Activity —
Which lines below fall between the one containing "line L1 (0, 0) -> (0, -7.5) projected" and the one containing "spline S7 degree"? Repeat them exactly, counting both of those lines, and add nothing else.

Given information —
════
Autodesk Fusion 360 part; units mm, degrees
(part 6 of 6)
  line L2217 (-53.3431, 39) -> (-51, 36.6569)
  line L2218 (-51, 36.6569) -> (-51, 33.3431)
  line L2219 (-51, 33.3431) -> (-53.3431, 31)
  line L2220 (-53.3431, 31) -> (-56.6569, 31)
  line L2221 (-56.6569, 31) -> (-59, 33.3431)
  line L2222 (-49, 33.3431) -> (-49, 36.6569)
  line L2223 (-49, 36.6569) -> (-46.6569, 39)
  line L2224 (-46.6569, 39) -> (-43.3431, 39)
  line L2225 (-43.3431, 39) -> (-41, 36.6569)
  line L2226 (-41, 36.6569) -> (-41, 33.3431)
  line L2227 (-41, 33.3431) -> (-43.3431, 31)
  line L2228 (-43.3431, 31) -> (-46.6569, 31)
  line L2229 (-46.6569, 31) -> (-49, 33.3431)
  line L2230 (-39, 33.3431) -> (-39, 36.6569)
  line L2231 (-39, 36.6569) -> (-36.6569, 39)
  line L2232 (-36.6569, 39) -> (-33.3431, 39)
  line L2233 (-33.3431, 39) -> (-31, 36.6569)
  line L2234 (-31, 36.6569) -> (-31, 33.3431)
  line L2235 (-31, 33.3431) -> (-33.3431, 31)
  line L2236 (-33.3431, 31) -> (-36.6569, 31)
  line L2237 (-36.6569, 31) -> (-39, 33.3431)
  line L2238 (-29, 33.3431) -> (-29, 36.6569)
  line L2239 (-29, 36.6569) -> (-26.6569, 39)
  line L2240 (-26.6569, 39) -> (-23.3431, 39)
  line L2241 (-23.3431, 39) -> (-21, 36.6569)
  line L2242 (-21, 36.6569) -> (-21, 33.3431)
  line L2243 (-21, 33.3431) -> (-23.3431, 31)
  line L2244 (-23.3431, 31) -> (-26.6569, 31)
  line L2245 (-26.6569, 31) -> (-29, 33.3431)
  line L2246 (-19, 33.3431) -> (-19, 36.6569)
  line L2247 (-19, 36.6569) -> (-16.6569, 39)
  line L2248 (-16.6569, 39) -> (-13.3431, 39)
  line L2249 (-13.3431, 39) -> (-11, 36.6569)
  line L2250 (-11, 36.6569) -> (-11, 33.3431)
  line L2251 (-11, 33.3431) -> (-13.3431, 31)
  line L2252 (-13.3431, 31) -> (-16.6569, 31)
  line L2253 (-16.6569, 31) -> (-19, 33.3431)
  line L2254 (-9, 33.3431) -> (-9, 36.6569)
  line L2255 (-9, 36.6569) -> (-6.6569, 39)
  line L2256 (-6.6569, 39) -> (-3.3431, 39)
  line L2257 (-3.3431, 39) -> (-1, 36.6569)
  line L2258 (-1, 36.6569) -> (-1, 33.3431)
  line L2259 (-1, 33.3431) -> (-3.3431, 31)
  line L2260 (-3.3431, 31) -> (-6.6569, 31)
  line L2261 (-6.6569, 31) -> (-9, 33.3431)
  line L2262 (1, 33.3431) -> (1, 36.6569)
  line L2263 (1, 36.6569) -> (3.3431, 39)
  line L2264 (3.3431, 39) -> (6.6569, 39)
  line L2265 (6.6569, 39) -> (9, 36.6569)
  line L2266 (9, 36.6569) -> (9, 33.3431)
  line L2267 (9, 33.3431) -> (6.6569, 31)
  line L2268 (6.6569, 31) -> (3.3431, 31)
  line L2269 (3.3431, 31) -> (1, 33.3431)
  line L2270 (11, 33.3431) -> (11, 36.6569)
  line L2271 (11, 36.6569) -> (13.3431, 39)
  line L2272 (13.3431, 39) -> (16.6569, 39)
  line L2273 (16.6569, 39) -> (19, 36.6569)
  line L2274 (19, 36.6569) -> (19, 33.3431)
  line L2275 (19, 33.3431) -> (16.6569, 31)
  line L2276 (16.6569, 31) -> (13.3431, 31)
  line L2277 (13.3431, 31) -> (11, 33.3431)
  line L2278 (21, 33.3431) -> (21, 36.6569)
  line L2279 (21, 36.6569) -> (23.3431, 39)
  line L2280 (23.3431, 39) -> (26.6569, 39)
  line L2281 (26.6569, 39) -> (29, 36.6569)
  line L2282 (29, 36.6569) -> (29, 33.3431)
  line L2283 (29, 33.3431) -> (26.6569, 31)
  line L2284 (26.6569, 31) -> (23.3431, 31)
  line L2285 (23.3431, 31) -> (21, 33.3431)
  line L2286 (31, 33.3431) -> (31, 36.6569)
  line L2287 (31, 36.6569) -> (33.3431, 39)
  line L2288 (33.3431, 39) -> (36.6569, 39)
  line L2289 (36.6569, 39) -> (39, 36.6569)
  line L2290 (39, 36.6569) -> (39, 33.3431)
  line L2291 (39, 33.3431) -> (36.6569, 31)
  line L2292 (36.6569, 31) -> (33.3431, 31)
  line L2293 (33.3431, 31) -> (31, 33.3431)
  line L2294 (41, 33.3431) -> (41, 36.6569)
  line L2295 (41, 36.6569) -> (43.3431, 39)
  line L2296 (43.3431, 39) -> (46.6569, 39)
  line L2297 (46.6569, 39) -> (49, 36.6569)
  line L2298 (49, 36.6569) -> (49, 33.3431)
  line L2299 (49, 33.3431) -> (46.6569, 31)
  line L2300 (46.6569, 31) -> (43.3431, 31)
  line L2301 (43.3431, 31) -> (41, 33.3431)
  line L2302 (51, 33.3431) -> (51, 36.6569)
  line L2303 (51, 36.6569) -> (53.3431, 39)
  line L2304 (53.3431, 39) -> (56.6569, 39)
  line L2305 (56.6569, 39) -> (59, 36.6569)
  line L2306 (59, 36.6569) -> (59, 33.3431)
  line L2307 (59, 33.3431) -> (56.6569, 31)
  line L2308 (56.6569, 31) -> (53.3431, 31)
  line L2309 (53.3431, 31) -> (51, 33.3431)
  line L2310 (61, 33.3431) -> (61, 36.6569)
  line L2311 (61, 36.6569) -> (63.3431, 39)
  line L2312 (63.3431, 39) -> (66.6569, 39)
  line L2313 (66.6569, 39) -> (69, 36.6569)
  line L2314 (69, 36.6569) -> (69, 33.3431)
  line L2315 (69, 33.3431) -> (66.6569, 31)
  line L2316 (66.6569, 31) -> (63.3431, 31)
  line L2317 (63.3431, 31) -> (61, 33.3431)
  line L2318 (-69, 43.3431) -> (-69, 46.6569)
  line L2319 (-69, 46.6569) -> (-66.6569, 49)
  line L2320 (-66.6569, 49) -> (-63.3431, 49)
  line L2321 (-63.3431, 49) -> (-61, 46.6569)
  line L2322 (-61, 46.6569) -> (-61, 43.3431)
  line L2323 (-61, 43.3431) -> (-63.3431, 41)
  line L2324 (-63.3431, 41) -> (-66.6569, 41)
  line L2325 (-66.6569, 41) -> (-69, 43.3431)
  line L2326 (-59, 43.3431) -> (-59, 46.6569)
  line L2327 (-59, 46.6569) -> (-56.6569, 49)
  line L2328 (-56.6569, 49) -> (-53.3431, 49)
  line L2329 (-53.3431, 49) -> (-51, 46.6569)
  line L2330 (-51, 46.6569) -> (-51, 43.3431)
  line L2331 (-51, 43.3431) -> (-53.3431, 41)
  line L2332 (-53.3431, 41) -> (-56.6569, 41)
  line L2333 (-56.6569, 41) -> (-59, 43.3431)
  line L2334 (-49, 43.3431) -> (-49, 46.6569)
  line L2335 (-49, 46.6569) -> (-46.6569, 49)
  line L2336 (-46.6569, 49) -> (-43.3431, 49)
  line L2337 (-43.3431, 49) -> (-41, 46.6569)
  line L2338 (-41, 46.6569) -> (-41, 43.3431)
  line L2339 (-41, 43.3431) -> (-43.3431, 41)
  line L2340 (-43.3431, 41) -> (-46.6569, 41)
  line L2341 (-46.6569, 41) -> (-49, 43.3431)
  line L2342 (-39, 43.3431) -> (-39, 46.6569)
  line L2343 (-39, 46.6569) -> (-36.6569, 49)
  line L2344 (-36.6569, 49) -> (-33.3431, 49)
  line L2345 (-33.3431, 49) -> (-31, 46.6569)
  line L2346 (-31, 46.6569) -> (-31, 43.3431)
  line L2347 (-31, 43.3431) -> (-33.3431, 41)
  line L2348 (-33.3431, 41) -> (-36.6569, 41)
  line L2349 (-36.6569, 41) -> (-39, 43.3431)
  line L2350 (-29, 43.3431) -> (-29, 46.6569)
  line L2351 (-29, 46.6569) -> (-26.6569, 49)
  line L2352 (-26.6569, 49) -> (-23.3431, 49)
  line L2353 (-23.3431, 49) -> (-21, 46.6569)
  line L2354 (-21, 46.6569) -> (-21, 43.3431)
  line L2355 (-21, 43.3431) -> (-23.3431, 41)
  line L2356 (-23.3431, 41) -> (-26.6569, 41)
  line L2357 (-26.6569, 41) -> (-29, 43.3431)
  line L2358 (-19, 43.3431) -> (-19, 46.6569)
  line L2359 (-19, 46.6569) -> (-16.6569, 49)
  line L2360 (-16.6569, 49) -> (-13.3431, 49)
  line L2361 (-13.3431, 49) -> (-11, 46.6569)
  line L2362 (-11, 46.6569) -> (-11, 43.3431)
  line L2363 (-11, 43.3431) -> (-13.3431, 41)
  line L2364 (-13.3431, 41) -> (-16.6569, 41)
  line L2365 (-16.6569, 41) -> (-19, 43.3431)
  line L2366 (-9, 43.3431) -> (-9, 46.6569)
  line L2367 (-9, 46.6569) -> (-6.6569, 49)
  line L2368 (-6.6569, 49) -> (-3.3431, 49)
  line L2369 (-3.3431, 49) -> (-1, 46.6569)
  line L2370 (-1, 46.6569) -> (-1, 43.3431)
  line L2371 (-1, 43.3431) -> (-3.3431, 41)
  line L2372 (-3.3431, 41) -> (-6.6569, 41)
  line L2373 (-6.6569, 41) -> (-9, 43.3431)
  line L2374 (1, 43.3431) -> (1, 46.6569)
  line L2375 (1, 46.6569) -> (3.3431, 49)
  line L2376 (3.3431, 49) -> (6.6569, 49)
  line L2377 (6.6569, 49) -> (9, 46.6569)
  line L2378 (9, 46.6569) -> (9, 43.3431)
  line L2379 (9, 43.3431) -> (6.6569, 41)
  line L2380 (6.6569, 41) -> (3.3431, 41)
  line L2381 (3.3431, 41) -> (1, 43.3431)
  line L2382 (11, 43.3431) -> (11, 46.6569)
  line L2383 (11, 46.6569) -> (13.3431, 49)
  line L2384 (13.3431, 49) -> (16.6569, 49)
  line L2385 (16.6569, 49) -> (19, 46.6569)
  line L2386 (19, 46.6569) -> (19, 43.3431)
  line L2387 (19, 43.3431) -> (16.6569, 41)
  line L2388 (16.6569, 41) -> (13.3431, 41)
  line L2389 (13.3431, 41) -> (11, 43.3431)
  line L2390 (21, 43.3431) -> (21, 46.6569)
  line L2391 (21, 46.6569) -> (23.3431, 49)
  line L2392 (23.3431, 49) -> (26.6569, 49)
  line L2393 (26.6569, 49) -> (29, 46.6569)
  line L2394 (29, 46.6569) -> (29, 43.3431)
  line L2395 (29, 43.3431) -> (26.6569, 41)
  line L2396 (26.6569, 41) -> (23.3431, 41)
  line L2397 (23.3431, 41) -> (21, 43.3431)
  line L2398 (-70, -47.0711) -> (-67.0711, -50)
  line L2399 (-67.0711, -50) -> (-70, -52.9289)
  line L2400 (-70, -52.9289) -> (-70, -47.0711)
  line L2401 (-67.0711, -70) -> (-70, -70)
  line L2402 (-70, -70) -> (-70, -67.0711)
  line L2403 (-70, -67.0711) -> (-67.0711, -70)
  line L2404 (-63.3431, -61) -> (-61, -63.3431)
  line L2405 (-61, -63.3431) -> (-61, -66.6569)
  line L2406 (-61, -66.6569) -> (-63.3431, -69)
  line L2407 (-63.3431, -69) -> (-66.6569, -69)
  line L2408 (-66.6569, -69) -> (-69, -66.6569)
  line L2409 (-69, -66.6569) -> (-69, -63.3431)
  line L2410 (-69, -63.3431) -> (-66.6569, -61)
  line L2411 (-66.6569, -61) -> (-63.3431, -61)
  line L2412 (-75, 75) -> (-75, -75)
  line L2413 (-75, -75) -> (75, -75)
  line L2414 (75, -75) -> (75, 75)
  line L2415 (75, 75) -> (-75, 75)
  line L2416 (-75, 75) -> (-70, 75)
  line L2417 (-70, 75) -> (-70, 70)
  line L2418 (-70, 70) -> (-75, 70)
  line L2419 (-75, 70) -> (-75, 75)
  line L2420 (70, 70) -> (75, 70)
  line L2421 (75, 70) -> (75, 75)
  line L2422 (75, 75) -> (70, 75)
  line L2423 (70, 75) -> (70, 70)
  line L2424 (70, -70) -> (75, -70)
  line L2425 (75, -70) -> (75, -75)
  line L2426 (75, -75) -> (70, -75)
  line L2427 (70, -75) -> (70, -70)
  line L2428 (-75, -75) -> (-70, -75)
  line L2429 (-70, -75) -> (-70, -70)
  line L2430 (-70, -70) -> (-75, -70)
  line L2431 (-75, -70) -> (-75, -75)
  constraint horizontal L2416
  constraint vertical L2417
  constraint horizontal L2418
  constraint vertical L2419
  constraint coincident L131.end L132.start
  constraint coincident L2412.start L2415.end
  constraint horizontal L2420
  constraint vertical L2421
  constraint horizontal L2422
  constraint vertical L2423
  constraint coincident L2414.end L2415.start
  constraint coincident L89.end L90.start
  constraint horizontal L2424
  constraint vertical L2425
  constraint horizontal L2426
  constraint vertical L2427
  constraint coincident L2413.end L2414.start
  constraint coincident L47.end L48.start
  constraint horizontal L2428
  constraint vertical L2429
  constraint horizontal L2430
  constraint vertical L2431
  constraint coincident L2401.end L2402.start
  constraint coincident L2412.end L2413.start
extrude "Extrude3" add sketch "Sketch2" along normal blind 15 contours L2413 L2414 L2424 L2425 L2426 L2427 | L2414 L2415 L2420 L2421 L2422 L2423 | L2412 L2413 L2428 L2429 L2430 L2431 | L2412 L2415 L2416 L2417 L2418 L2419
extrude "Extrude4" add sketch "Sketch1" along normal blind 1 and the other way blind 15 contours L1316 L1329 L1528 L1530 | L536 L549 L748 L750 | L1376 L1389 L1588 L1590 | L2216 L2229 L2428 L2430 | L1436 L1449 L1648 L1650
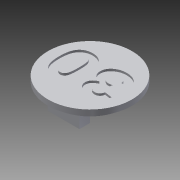
# Autodesk Inventor part: Inside
Saved by Autodesk Inventor 2014 (Build 180170000, 170)
## iProperties
Created: 2017-08-29
Part Number: Inside
Material: Generic
Document SubType Name: Modeling
Designer: resaj
Density: 1 g/cm^3
Appearance: White
Author: resaj
Autodesk Inventor part; units mm, degrees
ref_plane "YZ Plane" through (0, 0, 0) normal (1, 0, 0) x (0, 1, 0)
ref_plane "XZ Plane" through (0, 0, 0) normal (0, 1, 0) x (-1, 0, 0)
sketch "Sketch1" plane through (0, 0, 0) normal (0, 1, 0) x (-1, 0, 0)
  circle A0 centre (0, 0) radius 19.9
  dimension "d0" = 39.8
  constraints: 1 centre point, 1 coincident
  measures "d0" diameter of A0
extrude "Extrusion1" add sketch "Sketch1" along normal blind 2.6
sketch "Sketch2" plane through (0, 0, 0) normal (0, -1, 0) x (1, 0, 0)
  circle A0 centre (0, 0) radius 19.9 projected
  circle A1 centre (0, 0) radius 17.4
  dimension "d3" = 34.8
  constraints: 1 centre point, 1 coincident
  measures "d3" diameter of A1
extrude "Extrusion2" add sketch "Sketch2" along normal blind 2 contours A1
sketch "Sketch3" plane through (0, -2, 0) normal (0, -1, 0) x (1, 0, 0)
  circle A0 centre (0, 0) radius 17.4 projected
  line L0 (0, 0) -> (0, 17.4) construction
  line L1 (0, 0) -> (17.4, 0) construction
  line L2 (0, 12.5) -> (7.5, 12.5)
  line L3 (7.5, 12.5) -> (7.5, 7.5)
  line L4 (7.5, 7.5) -> (0, 7.5)
  line L5 (0, 12.5) -> (-7.5, 12.5)
  line L6 (-7.5, 12.5) -> (-7.5, 7.5)
  line L7 (-7.5, 7.5) -> (0, 7.5)
  line L8 (0, -12.5) -> (7.5, -12.5)
  line L9 (7.5, -12.5) -> (7.5, -7.5)
  line L10 (7.5, -7.5) -> (0, -7.5)
  line L11 (-7.5, -7.5) -> (0, -7.5)
  line L12 (-7.5, -12.5) -> (-7.5, -7.5)
  line L13 (0, -12.5) -> (-7.5, -12.5)
  dimension "d6" = 15
  dimension "d7" = 5
  dimension "d8" = 15
  constraints: 28 end point, 8 symmetric about line, 2 perpendicular, 2 point on circle, 2 point on line, 1 parallel, 1 vertical
  measures "d6" distance between parallel lines of L3 L6
  measures "d7" distance of L2.end L3.end
  measures "d8" distance between parallel lines of L10 L4
extrude "Extrusion3" add sketch "Sketch3" along normal blind 7.5 contours L2 L3 L4 L7 L6 L5 | L13 L12 L11 L10 L9 L8
ref_plane "Work Plane1" through (7.5, -9.5, 10) normal (0, 0, 1) x (1, 0, 0)
sketch "Sketch4" plane through (7.5, -2, -12.5) normal (0, 0, -1) x (-1, 0, 0)
  line L0 (0, 0) -> (15, 0) projected
  line L1 (0, 0) -> (0, -7.5) projected
  line L2 (15, -7.5) -> (0, -7.5) projected
  line L3 (15, 0) -> (15, -7.5) projected
  line L4 (2.35, 0) -> (2.35, -5.15)
  line L5 (2.35, -5.15) -> (12.65, -5.15)
  line L6 (12.65, -5.15) -> (12.65, 0)
  line L7 (2.35, -5.15) -> (0, -5.15) construction
  line L8 (2.35, -5.15) -> (2.35, -7.5) construction
  line L9 (12.65, -5.15) -> (15, -5.15) construction
  point P0 (7.5, 2)
  dimension "d11" = 10.3
  constraints: 12 end point, 7 perpendicular, 5 point on line, 1 parallel
  measures "d11" distance of L4.end L5.end
extrude "Extrusion4" cut sketch "Sketch4" against normal up to surface (22.5 mm away) contours L0 L6 L5 L4
sketch "Sketch5" plane through (0, 2.6, 0) normal (0, 1, 0) x (1, 0, 0)
  line L0 (15.5957, -8.6476) -> (-15.5957, -8.6476) construction
  line L1 (-15.5957, -8.6476) -> (-15.5957, 11.0665) construction
  line L2 (-15.5957, 11.0665) -> (15.5957, 11.0665) construction
  line L3 (15.5957, 11.0665) -> (15.5957, -8.6476) construction
  line L4 (14.5154, 4.6525) -> (10.6853, 4.2456)
  spline S0 degree 2 poles (10.6853, 4.2456) (10.531, 5.5083) (8.8755, 6.8551) (7.7391, 6.8551) knots 0 0 0 1 2 2 2
  spline S1 degree 2 poles (7.7391, 6.8551) (6.5185, 6.8551) (4.8209, 5.2558) (4.8209, 3.8528) knots 0 0 0 1 2 2 2
  spline S2 degree 2 poles (4.8209, 3.8528) (4.8209, 2.548) (6.4483, 1.0469) (7.6128, 1.0469) knots 0 0 0 1 2 2 2
  spline S3 degree 2 poles (7.6128, 1.0469) (8.3704, 1.0469) (9.4226, 1.2994) knots 0 0 0 1 1 1
  line L5 (9.4226, 1.2994) -> (8.9877, -1.5065)
  spline S4 degree 2 poles (8.9877, -1.5065) (7.4444, -1.4785) (6.5465, -2.0958) knots 0 0 0 1 1 1
  spline S5 degree 2 poles (6.5465, -2.0958) (5.6627, -2.7131) (5.6627, -3.8214) knots 0 0 0 1 1 1
  spline S6 degree 2 poles (5.6627, -3.8214) (5.6627, -4.7614) (6.9534, -5.8136) (7.9495, -5.8136) knots 0 0 0 1 2 2 2
  spline S7 degree 2 poles (7.9495, -5.8136) (8.9596, -5.8136) (10.4328, -4.593) (10.573, -3.4005) knots 0 0 0 1 2 2 2
  line L6 (10.573, -3.4005) -> (14.2348, -3.9477)
  spline S8 degree 2 poles (14.2348, -3.9477) (13.6596, -6.4169) (10.3486, -8.6476) (7.8373, -8.6476) knots 0 0 0 1 2 2 2
  spline S9 degree 2 poles (7.8373, -8.6476) (5.0033, -8.6476) (1.6783, -5.7715) (1.6783, -4.0318) knots 0 0 0 1 2 2 2
  spline S10 degree 2 poles (1.6783, -4.0318) (1.6783, -2.8534) (3.1654, -0.9594) (4.6666, -0.2579) knots 0 0 0 1 2 2 2
  spline S11 degree 2 poles (4.6666, -0.2579) (2.9269, 0.0788) (0.7523, 2.3376) (0.7523, 4.0212) knots 0 0 0 1 2 2 2
  spline S12 degree 2 poles (0.7523, 4.0212) (0.7523, 6.4904) (4.863, 9.7172) (7.711, 9.7172) knots 0 0 0 1 2 2 2
  spline S13 degree 2 poles (7.711, 9.7172) (10.4328, 9.7172) (14.2067, 6.9954) (14.5154, 4.6525) knots 0 0 0 1 2 2 2
  spline S14 degree 2 poles (-8.395, -8.6476) (-11.3973, -8.6476) (-15.1152, -4.565) (-15.1152, 0.5418) knots 0 0 0 1 2 2 2
  spline S15 degree 2 poles (-15.1152, 0.5418) (-15.1152, 5.6346) (-11.3973, 9.7172) (-8.409, 9.7172) knots 0 0 0 1 2 2 2
  spline S16 degree 2 poles (-8.409, 9.7172) (-5.4067, 9.7172) (-1.6888, 5.6626) (-1.6888, 0.4997) knots 0 0 0 1 2 2 2
  spline S17 degree 2 poles (-1.6888, 0.4997) (-1.6888, -4.565) (-5.4067, -8.6476) (-8.395, -8.6476) knots 0 0 0 1 2 2 2
  spline S18 degree 2 poles (-8.395, -5.7855) (-7.2165, -5.7855) (-5.8276, -3.5829) (-5.8276, 0.5418) knots 0 0 0 1 2 2 2
  spline S19 degree 2 poles (-5.8276, 0.5418) (-5.8276, 4.6665) (-7.2165, 6.8551) (-8.395, 6.8551) knots 0 0 0 1 2 2 2
  spline S20 degree 2 poles (-8.395, 6.8551) (-9.5735, 6.8551) (-10.9484, 4.6525) (-10.9484, 0.5418) knots 0 0 0 1 2 2 2
  spline S21 degree 2 poles (-10.9484, 0.5418) (-10.9484, -3.5829) (-9.5735, -5.7855) (-8.395, -5.7855) knots 0 0 0 1 2 2 2
  constraints: 2 other
extrude "Extrusion5" cut sketch "Sketch5" against normal blind 1
body "Solid1"
════
Task solution —
  line L1 (0, 0) -> (0, -7.5) projected
  line L2 (15, -7.5) -> (0, -7.5) projected
  line L3 (15, 0) -> (15, -7.5) projected
  line L4 (2.35, 0) -> (2.35, -5.15)
  line L5 (2.35, -5.15) -> (12.65, -5.15)
  line L6 (12.65, -5.15) -> (12.65, 0)
  line L7 (2.35, -5.15) -> (0, -5.15) construction
  line L8 (2.35, -5.15) -> (2.35, -7.5) construction
  line L9 (12.65, -5.15) -> (15, -5.15) construction
  point P0 (7.5, 2)
  dimension "d11" = 10.3
  constraints: 12 end point, 7 perpendicular, 5 point on line, 1 parallel
  measures "d11" distance of L4.end L5.end
extrude "Extrusion4" cut sketch "Sketch4" against normal up to surface (22.5 mm away) contours L0 L6 L5 L4
sketch "Sketch5" plane through (0, 2.6, 0) normal (0, 1, 0) x (1, 0, 0)
  line L0 (15.5957, -8.6476) -> (-15.5957, -8.6476) construction
  line L1 (-15.5957, -8.6476) -> (-15.5957, 11.0665) construction
  line L2 (-15.5957, 11.0665) -> (15.5957, 11.0665) construction
  line L3 (15.5957, 11.0665) -> (15.5957, -8.6476) construction
  line L4 (14.5154, 4.6525) -> (10.6853, 4.2456)
  spline S0 degree 2 poles (10.6853, 4.2456) (10.531, 5.5083) (8.8755, 6.8551) (7.7391, 6.8551) knots 0 0 0 1 2 2 2
  spline S1 degree 2 poles (7.7391, 6.8551) (6.5185, 6.8551) (4.8209, 5.2558) (4.8209, 3.8528) knots 0 0 0 1 2 2 2
  spline S2 degree 2 poles (4.8209, 3.8528) (4.8209, 2.548) (6.4483, 1.0469) (7.6128, 1.0469) knots 0 0 0 1 2 2 2
  spline S3 degree 2 poles (7.6128, 1.0469) (8.3704, 1.0469) (9.4226, 1.2994) knots 0 0 0 1 1 1
  line L5 (9.4226, 1.2994) -> (8.9877, -1.5065)
  spline S4 degree 2 poles (8.9877, -1.5065) (7.4444, -1.4785) (6.5465, -2.0958) knots 0 0 0 1 1 1
  spline S5 degree 2 poles (6.5465, -2.0958) (5.6627, -2.7131) (5.6627, -3.8214) knots 0 0 0 1 1 1
  spline S6 degree 2 poles (5.6627, -3.8214) (5.6627, -4.7614) (6.9534, -5.8136) (7.9495, -5.8136) knots 0 0 0 1 2 2 2
  spline S7 degree 2 poles (7.9495, -5.8136) (8.9596, -5.8136) (10.4328, -4.593) (10.573, -3.4005) knots 0 0 0 1 2 2 2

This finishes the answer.